The cover portion 52 of the tray 22 has a thin disk shape, and the reason will be described later. Unlike the main body portion 50 made of a carbon-containing material, quartz (silicon dioxide: SiO ₂ ), silicon nitride (SiN), etc. It is made from a material that does not contain carbon.

  Further, the cover portion 52 of the tray 22 includes a through hole (second through hole) 52a that forms a part (upper part) of the substrate accommodation hole 22c and penetrates in the thickness direction. The cover portion 52 of the tray 22 is disposed above the main body portion 50 so that only the substrate support portion 22d of the main body portion 50 is exposed through the through hole 52a of the cover portion 52 when viewed from above.

  Specifically, as shown in FIG. 4B, when the tray 22 is placed on the tray support portion 30 a of the dielectric member 30 of the stage 20, the cover member 52 includes the main body portion 50 of the tray 22 and the chamber 12. So that the portion of the main body 50a that is exposed when viewed from above (when viewed from the top plate 14 side) is as small as possible. The main body 50 is covered. Therefore, the through-hole 52a of the cover part 52 is made the smallest possible size through which the substrate W can pass.
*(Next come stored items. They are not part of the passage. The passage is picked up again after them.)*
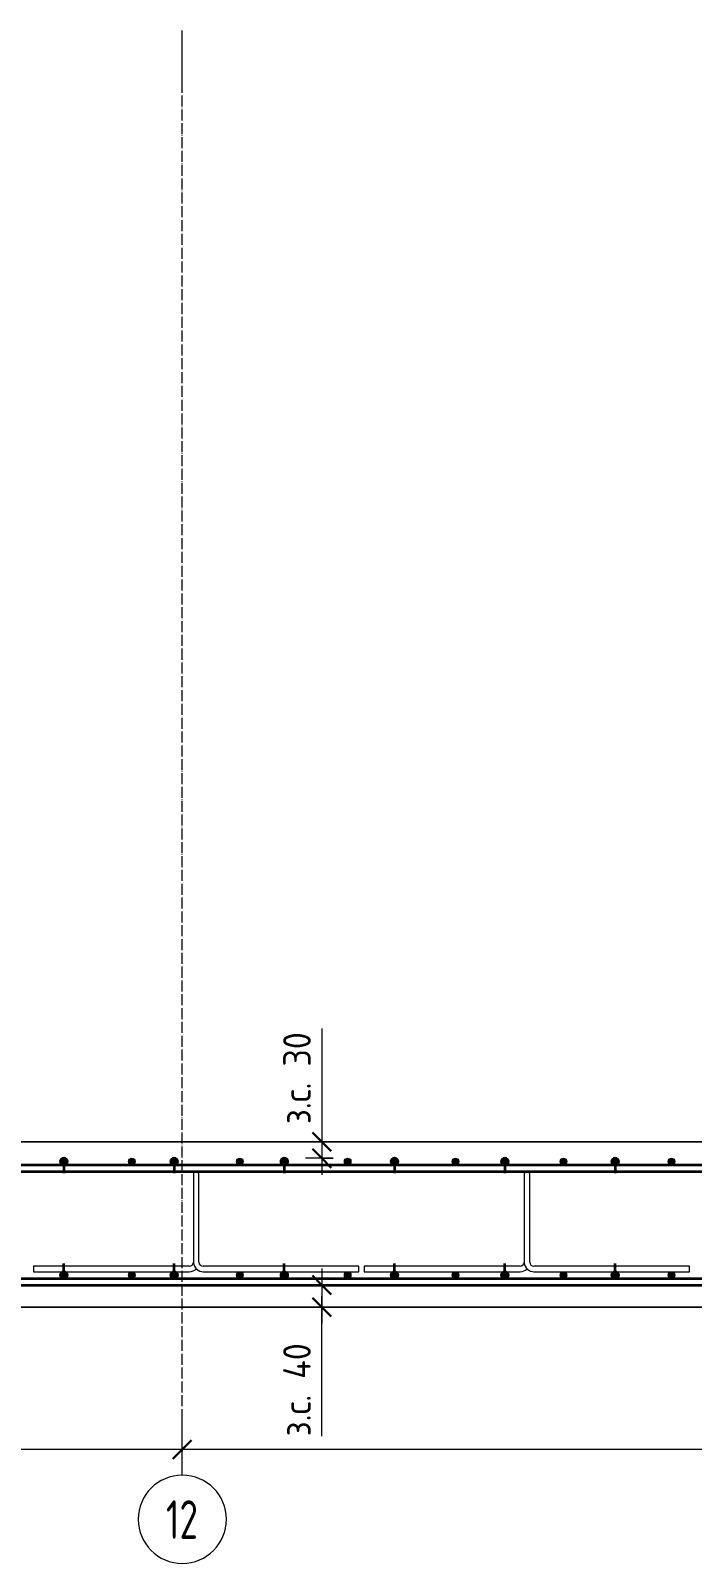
# Model space of a CAD drawing. Header units: millimetres. Extents: x 38156 to 72532, y -3741 to 33881.
# Drawn here: x 48210 to 49410, y -3485 to -703 of the extents above; entities that cross this region are included whole.
import ezdxf

# ---------------------------------------------------------------- set-up
doc = ezdxf.new("R2010")
doc.units = ezdxf.units.MM
doc.linetypes.add('02 Штрихпунктирная _20 мм_', pattern=[25, 20, -2.5, 0, -2.5])
for name, color, linetype, lineweight in [('AA_Dim', 7, 'Continuous', 9), ('AA_Dim-20', 7, 'Continuous', 9), ('AA_Oformlenie', 7, 'Continuous', 9), ('KR_Armatura', 7, 'Continuous', 20), ('KR_Armatura_Tonkie', 7, 'Continuous', 20), ('KR_Fundament', 7, 'Continuous', 20), ('Оси', 7, 'Continuous', 9)]:
    doc.layers.add(name, color=color, linetype=linetype, lineweight=lineweight)
doc.styles.add('ISOCPEUR', font='isocpeur.ttf', dxfattribs={"width": 0.7, "height": 70})
doc.styles.add('ISOCPEUR_2', font='isocpeur.ttf', dxfattribs={"width": 0.9, "height": 50})
doc.dimstyles.new('01_Точн_3_знака__непрозр__1', dxfattribs={"dimscale": 304.8, "dimtxt": 49.799059, "dimasz": 0.111549, "dimexe": 0.098425, "dimexo": 0.065617, "dimgap": 0.016404, "dimtad": 1, "dimdec": 3, "dimrnd": 0.001, "dimdsep": 46, "dimtxsty": 'ISOCPEUR_2', "dimblk1": 'OBLIQUE', "dimblk2": 'OBLIQUE', "dimsah": 1, "dimcen": 0.09, "dimdle": 0.098425, "dimazin": 0, "dimtfac": 1, "dimtdec": 4, "dimtix": 1, "dimtmove": 0, "dimatfit": 3, "dimfxl": 1, "dimtvp": 1, "dimtfill": 1, "dimtolj": 1, "dimtzin": 0, "dimlwd": 18, "dimlwe": 18, "dimarcsym": 2})
doc.dimstyles.new('01_Точн_3_знака__непрозр__З_С_', dxfattribs={"dimscale": 304.8, "dimtxt": 49.799059, "dimasz": 0.111549, "dimexe": 0.098425, "dimexo": 0.065617, "dimgap": 0.016404, "dimtad": 1, "dimdec": 3, "dimrnd": 0.001, "dimdsep": 46, "dimtxsty": 'ISOCPEUR_2', "dimblk1": 'OBLIQUE', "dimblk2": 'OBLIQUE', "dimsah": 1, "dimcen": 0.09, "dimdle": 0.098425, "dimazin": 0, "dimtfac": 1, "dimtdec": 4, "dimtix": 1, "dimtmove": 1, "dimatfit": 3, "dimfxl": 1, "dimtvp": 1, "dimtfill": 1, "dimtolj": 1, "dimtzin": 0, "dimlwd": 18, "dimlwe": 18, "dimarcsym": 2})

# ---------------------------------------------------------------- blocks, each defined once
blk = doc.blocks.new('350_Стержень П торец СК-СГ _НесАрм_РабПлоск_ - 350_Стержень П торец СК-СГ _НесАрм_РабПлоск_-V6-Разрез 1 Арм')
at = {"layer": 'KR_Armatura_Tonkie', "lineweight": 35}
h = blk.add_hatch(color=256, dxfattribs=at)
h.paths.add_polyline_path([(44360.1, -2762), (44361.6, -2761.8), (44362, -2761.5), (44362.5, -2761.1), (44355.8, -2760.2), (44357.1, -2761.2), (44358.5, -2761.8)])
h.paths.add_polyline_path([(44365.9, -2754.4), (44364.3, -2751.8), (44363.1, -2750.8), (44362.2, -2750.8), (44362.9, -2751.5), (44362.5, -2753), (44363.8, -2753.6)])
h.paths.add_polyline_path([(44364.3, -2760.2), (44365.3, -2759), (44365.9, -2754.4), (44363.6, -2760), (44364.7, -2759.6)])
h.paths.add_polyline_path([(44356, -2759.2), (44357, -2751.4), (44354.9, -2753), (44354.3, -2754.4), (44354.1, -2756), (44354.3, -2757.6), (44354.9, -2758.6), (44354.9, -2758.2), (44355.8, -2759.1)])
h.paths.add_polyline_path([(44354.3, -2757), (44354.1, -2756), (44354.7, -2754.4)])
h.paths.add_polyline_path([(44358.5, -2751.4), (44358.6, -2750.6), (44360.8, -2750.2), (44360.1, -2750), (44358.5, -2750.2), (44357.9, -2750.7), (44358.2, -2750.8), (44358, -2751.2)])
h = blk.add_hatch(color=256, dxfattribs=at)
h.paths.add_polyline_path([(44365.9, -2754.4), (44365.3, -2753), (44364.8, -2752.7), (44365.4, -2753.6)])
h.paths.add_polyline_path([(44354.9, -2753), (44354.1, -2756), (44354.3, -2757), (44354.8, -2753.6)])
h.paths.add_polyline_path([(44362, -2761.5), (44363.1, -2761.2), (44364.3, -2760.2), (44364.8, -2759.3), (44363.9, -2759.8), (44363.6, -2760), (44365.9, -2754.4), (44362.5, -2753), (44362.9, -2751.5), (44362.3, -2750.6), (44361.1, -2750.3), (44358.5, -2750.8), (44358.5, -2751.4), (44358, -2751.2), (44358.3, -2750.6), (44357.1, -2750.8), (44355.8, -2752), (44355.8, -2752.3), (44357, -2751.4), (44355.8, -2759.1), (44354.9, -2758.2), (44354.9, -2759), (44355.8, -2760.2), (44356.4, -2760.3), (44362.4, -2761.2)])
h.paths.add_polyline_path([(44365.3, -2759), (44365.9, -2757.6), (44366.1, -2756), (44365.9, -2754.4), (44365.3, -2758.5)])
h = blk.add_hatch(color=256, dxfattribs=at)
h.paths.add_polyline_path([(44360.1, -2968), (44360.8, -2967), (44360.6, -2966.8), (44360.1, -2967.8)])
h.paths.add_polyline_path([(44360.1, -2968), (44358.5, -2967.4), (44358.5, -2966), (44355.3, -2961.8), (44354.8, -2962.6), (44354.3, -2961.2), (44354.1, -2962), (44354.3, -2963.6), (44354.8, -2964.5), (44355.8, -2966.2), (44357.1, -2967.2), (44358.5, -2967.8)])
h.paths.add_polyline_path([(44365.3, -2965), (44365.9, -2963.6), (44365.9, -2962.8)])
h.paths.add_polyline_path([(44365.3, -2965), (44365.9, -2960.4), (44365.3, -2959), (44364.3, -2957.8), (44361.8, -2967), (44364.3, -2965.6)])
h.paths.add_polyline_path([(44361.6, -2967.8), (44363.1, -2967.2), (44364.3, -2966), (44364.3, -2965.7), (44363.1, -2966.7)])
h.paths.add_polyline_path([(44357.8, -2967), (44355.8, -2966.2), (44355.4, -2964.7)])
h.paths.add_polyline_path([(44360.1, -2956), (44363, -2957.2), (44362.7, -2958.2), (44364.3, -2957.8), (44363.1, -2956.8), (44360.4, -2956.1)])
h.paths.add_polyline_path([(44354.7, -2960.1), (44357.5, -2958), (44356.4, -2959.9), (44358.5, -2959.3), (44358.7, -2956.8), (44360.1, -2956), (44358.5, -2956.2), (44357.8, -2956.6), (44357.3, -2957.2), (44354.9, -2959)])
h = blk.add_hatch(color=256, dxfattribs=at)
h.paths.add_polyline_path([(44365.3, -2965), (44366.1, -2962), (44365.8, -2961.3)])
h.paths.add_polyline_path([(44360.1, -2968), (44361.6, -2967.8), (44364.3, -2965.6), (44361.8, -2967), (44364.3, -2957.8), (44362.7, -2958.2), (44363, -2957.2), (44360.1, -2956), (44358.5, -2956.9), (44358.5, -2959.3), (44356.4, -2959.9), (44357.5, -2958), (44354.7, -2960.1), (44354.9, -2959), (44354.3, -2960.4), (44354.3, -2961), (44354.5, -2961.5), (44354.8, -2962.6), (44355.3, -2961.8), (44358.5, -2966), (44358.5, -2967.4), (44359.6, -2967.8)])
h.paths.add_polyline_path([(44360.1, -2968), (44360.6, -2966.8), (44360.8, -2967), (44360.2, -2967.8)])
h.paths.add_polyline_path([(44357.8, -2967), (44355.4, -2964.7), (44355.8, -2966.2)])
h.paths.add_polyline_path([(44363.6, -2966.6), (44364.3, -2966.2), (44364.3, -2966)])
h.paths.add_polyline_path([(44354.9, -2959), (44357.3, -2957.2), (44355.8, -2957.8)])
at = {"layer": 'AA_Oformlenie'}
for centre, start, end in [((44360.1, -2756), 360, 180), ((44360.1, -2756), 180, 360), ((44360.1, -2962), 0, 180), ((44360.1, -2962), 180, 0)]:
    blk.add_arc(centre, 6, start, end, dxfattribs=at)
at = {"layer": 'KR_Armatura_Tonkie', "lineweight": 35}
for p, q in [((44360.1, -2762), (44360.1, -2777)), ((44360.1, -2956), (44360.1, -2941))]:
    blk.add_line(p, q, dxfattribs=at)
for centre in [(44360.1, -2756), (44360.1, -2962)]:
    blk.add_circle(centre, 6, dxfattribs=at)
for centre, start, end in [((44360.1, -2756), 90, 270), ((44360.1, -2756), 90, 270), ((44360.1, -2756), 270, 90), ((44360.1, -2756), 270, 90), ((44360.1, -2962), 90, 270), ((44360.1, -2962), 90, 270), ((44360.1, -2962), 270, 90), ((44360.1, -2962), 270, 90)]:
    blk.add_arc(centre, 6, start, end, dxfattribs=at)
blk = doc.blocks.new('350_Стержень П торец СК-СГ _НесАрм_РабПлоск_ - 350_Стержень П торец СК-СГ _НесАрм_РабПлоск_-V9-Разрез 1 Арм')
at = {"layer": 'KR_Armatura_Tonkie', "lineweight": 35}
h = blk.add_hatch(color=256, dxfattribs=at)
h.paths.add_polyline_path([(40960.1, -2762), (40961.6, -2761.8), (40962, -2761.5), (40962.5, -2761.1), (40955.8, -2760.2), (40957.1, -2761.2), (40958.5, -2761.8)])
h.paths.add_polyline_path([(40965.9, -2754.4), (40964.3, -2751.8), (40963.1, -2750.8), (40962.2, -2750.8), (40962.9, -2751.5), (40962.5, -2753), (40965.8, -2754.4)])
h.paths.add_polyline_path([(40964.3, -2760.2), (40965.3, -2759), (40965.8, -2754.7), (40963.6, -2760), (40964.7, -2759.6)])
h.paths.add_polyline_path([(40956, -2759.2), (40957, -2751.4), (40954.9, -2753), (40954.3, -2754.4), (40954.1, -2756), (40954.3, -2757.6), (40954.9, -2758.6), (40954.9, -2758.2), (40955.8, -2759.1)])
h.paths.add_polyline_path([(40954.3, -2757), (40954.1, -2756), (40954.7, -2754.4)])
h.paths.add_polyline_path([(40958.5, -2751.4), (40958.6, -2750.6), (40960.8, -2750.2), (40960.1, -2750), (40958.5, -2750.2), (40957.9, -2750.7), (40958.2, -2750.8), (40958, -2751.2)])
h = blk.add_hatch(color=256, dxfattribs=at)
h.paths.add_polyline_path([(40965.9, -2754.4), (40965.3, -2753), (40964.8, -2752.7), (40965.8, -2754.3)])
h.paths.add_polyline_path([(40954.9, -2753), (40954.1, -2756), (40954.3, -2757), (40954.7, -2754.4)])
h.paths.add_polyline_path([(40962, -2761.5), (40963.1, -2761.2), (40964.3, -2760.2), (40964.8, -2759.3), (40963.9, -2759.8), (40963.6, -2760), (40965.8, -2754.4), (40962.5, -2753), (40962.9, -2751.5), (40962.3, -2750.6), (40961.1, -2750.3), (40958.5, -2750.8), (40958.5, -2751.4), (40958, -2751.2), (40958.3, -2750.6), (40957.1, -2750.8), (40955.8, -2752), (40955.8, -2752.3), (40957, -2751.4), (40955.8, -2759.1), (40954.9, -2758.2), (40954.9, -2759), (40955.8, -2760.2), (40956.4, -2760.3), (40962.4, -2761.2)])
h.paths.add_polyline_path([(40965.3, -2759), (40965.9, -2757.6), (40966.1, -2756), (40965.8, -2755.2), (40965.3, -2758.5)])
h = blk.add_hatch(color=256, dxfattribs=at)
h.paths.add_polyline_path([(40960.1, -2968), (40960.8, -2967), (40960.6, -2966.8), (40960.1, -2967.8)])
h.paths.add_polyline_path([(40960.1, -2968), (40958.5, -2967.4), (40958.5, -2966), (40955.3, -2961.8), (40954.8, -2962.6), (40954.3, -2961.2), (40954.1, -2962), (40954.3, -2963.6), (40954.8, -2964.5), (40955.8, -2966.2), (40957.1, -2967.2), (40958.5, -2967.8)])
h.paths.add_polyline_path([(40965.3, -2965), (40965.9, -2963.6), (40965.8, -2963.1)])
h.paths.add_polyline_path([(40965.3, -2965), (40965.8, -2960.2), (40965.3, -2959), (40964.3, -2957.8), (40961.8, -2967), (40964.3, -2965.6)])
h.paths.add_polyline_path([(40961.6, -2967.8), (40963.1, -2967.2), (40964.3, -2966), (40964.3, -2965.7), (40963.1, -2966.7)])
h.paths.add_polyline_path([(40957.8, -2967), (40955.8, -2966.2), (40955.4, -2964.7)])
h.paths.add_polyline_path([(40960.1, -2956), (40963, -2957.2), (40962.7, -2958.2), (40964.3, -2957.8), (40963.1, -2956.8)])
h.paths.add_polyline_path([(40954.7, -2960.1), (40957.5, -2958), (40956.4, -2959.9), (40958.5, -2959.3), (40958.7, -2956.8), (40960.1, -2956), (40958.5, -2956.2), (40957.8, -2956.6), (40957.3, -2957.2), (40954.9, -2959)])
h = blk.add_hatch(color=256, dxfattribs=at)
h.paths.add_polyline_path([(40965.3, -2965), (40966.1, -2962), (40965.8, -2961.3)])
h.paths.add_polyline_path([(40960.1, -2968), (40961.6, -2967.8), (40964.3, -2965.6), (40961.8, -2967), (40964.3, -2957.8), (40962.7, -2958.2), (40963, -2957.2), (40960.1, -2956), (40958.5, -2956.9), (40958.5, -2959.3), (40956.4, -2959.9), (40957.5, -2958), (40954.7, -2960.1), (40954.9, -2959), (40954.3, -2960.4), (40954.3, -2961), (40954.5, -2961.5), (40954.8, -2962.6), (40955.3, -2961.8), (40958.5, -2966), (40958.5, -2967.4), (40959.6, -2967.8)])
h.paths.add_polyline_path([(40960.1, -2968), (40960.6, -2966.8), (40960.8, -2967), (40960.2, -2967.8)])
h.paths.add_polyline_path([(40957.8, -2967), (40955.4, -2964.7), (40955.8, -2966.2)])
h.paths.add_polyline_path([(40963.6, -2966.6), (40964.3, -2966.2), (40964.3, -2966)])
h.paths.add_polyline_path([(40954.9, -2959), (40957.3, -2957.2), (40955.8, -2957.8)])
at = {"layer": 'AA_Oformlenie'}
for centre, start, end in [((40960.1, -2756), 360, 180), ((40960.1, -2756), 180, 360), ((40960.1, -2962), 0, 180), ((40960.1, -2962), 180, 0)]:
    blk.add_arc(centre, 6, start, end, dxfattribs=at)
at = {"layer": 'KR_Armatura_Tonkie', "lineweight": 35}
for p, q in [((40960.1, -2762), (40960.1, -2777)), ((40960.1, -2956), (40960.1, -2941))]:
    blk.add_line(p, q, dxfattribs=at)
for centre in [(40960.1, -2756), (40960.1, -2962)]:
    blk.add_circle(centre, 6, dxfattribs=at)
for centre, start, end in [((40960.1, -2756), 90, 270), ((40960.1, -2756), 90, 270), ((40960.1, -2756), 270, 90), ((40960.1, -2756), 270, 90), ((40960.1, -2962), 90, 270), ((40960.1, -2962), 90, 270), ((40960.1, -2962), 270, 90), ((40960.1, -2962), 270, 90)]:
    blk.add_arc(centre, 6, start, end, dxfattribs=at)
blk = doc.blocks.new('350_Стержень П торец СК-СГ _НесАрм_РабПлоск_ - 350_Стержень П торец СК-СГ _НесАрм_РабПлоск_-V10-Разрез 1 Арм')
at = {"layer": 'KR_Armatura_Tonkie', "lineweight": 35}
h = blk.add_hatch(color=256, dxfattribs=at)
h.paths.add_polyline_path([(40560.1, -2762), (40561.6, -2761.8), (40562, -2761.5), (40562.5, -2761.1), (40555.8, -2760.2), (40557.1, -2761.2), (40558.5, -2761.8)])
h.paths.add_polyline_path([(40565.9, -2754.4), (40564.3, -2751.8), (40563.1, -2750.8), (40562.2, -2750.8), (40562.9, -2751.5), (40562.5, -2753), (40564.9, -2754.1)])
h.paths.add_polyline_path([(40564.3, -2760.2), (40565.3, -2759), (40565.9, -2754.4), (40563.6, -2760), (40564.7, -2759.6)])
h.paths.add_polyline_path([(40556, -2759.2), (40557, -2751.4), (40554.9, -2753), (40554.3, -2754.4), (40554.1, -2756), (40554.3, -2757.6), (40554.9, -2758.6), (40554.9, -2758.2), (40555.8, -2759.1)])
h.paths.add_polyline_path([(40554.3, -2757), (40554.1, -2756), (40554.7, -2754.4)])
h.paths.add_polyline_path([(40558.5, -2751.4), (40558.6, -2750.6), (40560.8, -2750.2), (40560.1, -2750), (40558.5, -2750.2), (40557.9, -2750.7), (40558.2, -2750.8), (40558, -2751.2)])
h = blk.add_hatch(color=256, dxfattribs=at)
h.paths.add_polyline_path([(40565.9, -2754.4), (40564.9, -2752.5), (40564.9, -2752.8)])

  The reason for configuring the cover portion 52 of the tray 22 in this way will be described. When the main body 50 of the tray 22 made of a carbon-containing material such as silicon carbide (SiC) is directly exposed to plasma in the chamber 12 by plasma processing, the main body 50 is consumed and the main body 50 of the tray 22 is exhausted. The reaction product (carbon-containing product) containing the carbon component is generated. Most of the reaction product of the carbon-containing product adheres to the outer peripheral edge portion of the upper surface Wb of the substrate W located in the vicinity of the tray 22 placed on the dielectric member 30 of the stage 20. When the reaction product containing the carbon component of the main body 50 of the tray 22 adheres to the outer peripheral edge portion of the upper surface Wb of the substrate W, for example, PR (photoresist) is formed on the outer peripheral edge portion of the upper surface Wb of the substrate W during the plasma processing. ) The mask-to-mask selection ratio in the mask or metal mask increases. As a result, shape abnormalities such as the outer peripheral edge portion of the upper surface Wb of the substrate W becoming higher than the central portion are likely to occur. Or, for example, in a plasma processing step of an LED element, a PR mask is provided on the substrate W, which is a sapphire substrate, and a high aspect ratio PSS (Pattern Sapphire Substrate) processing of a cone-shaped pattern (convex triangular triangular shape pattern) is performed. In the case of performing the above, shape abnormalities such as a trapezoidal pattern having a flat tip rather than a cone-shaped pattern having a desired sharp tip are likely to occur at the outer peripheral edge portion of the upper surface Wb of the substrate W.

  As a countermeasure, the cover 52 is disposed above the main body 50 of the tray 22 to suppress the main body 50 from being exposed to plasma, that is, to prevent wear of the main body 50 due to plasma. As a result, the generation amount of the reaction product containing the carbon component of the main body 50 is reduced.

  As a matter of course, the cover portion 52 is exposed to plasma instead of the main body portion 50 made of a carbon-containing material and having high rigidity, and is consumed. However, since the cover portion 52 is made of a material that does not contain carbon such as quartz, a reaction product containing carbon that adheres to the upper surface Wb of the substrate W even if the cover portion 52 is exposed to plasma. Does not occur.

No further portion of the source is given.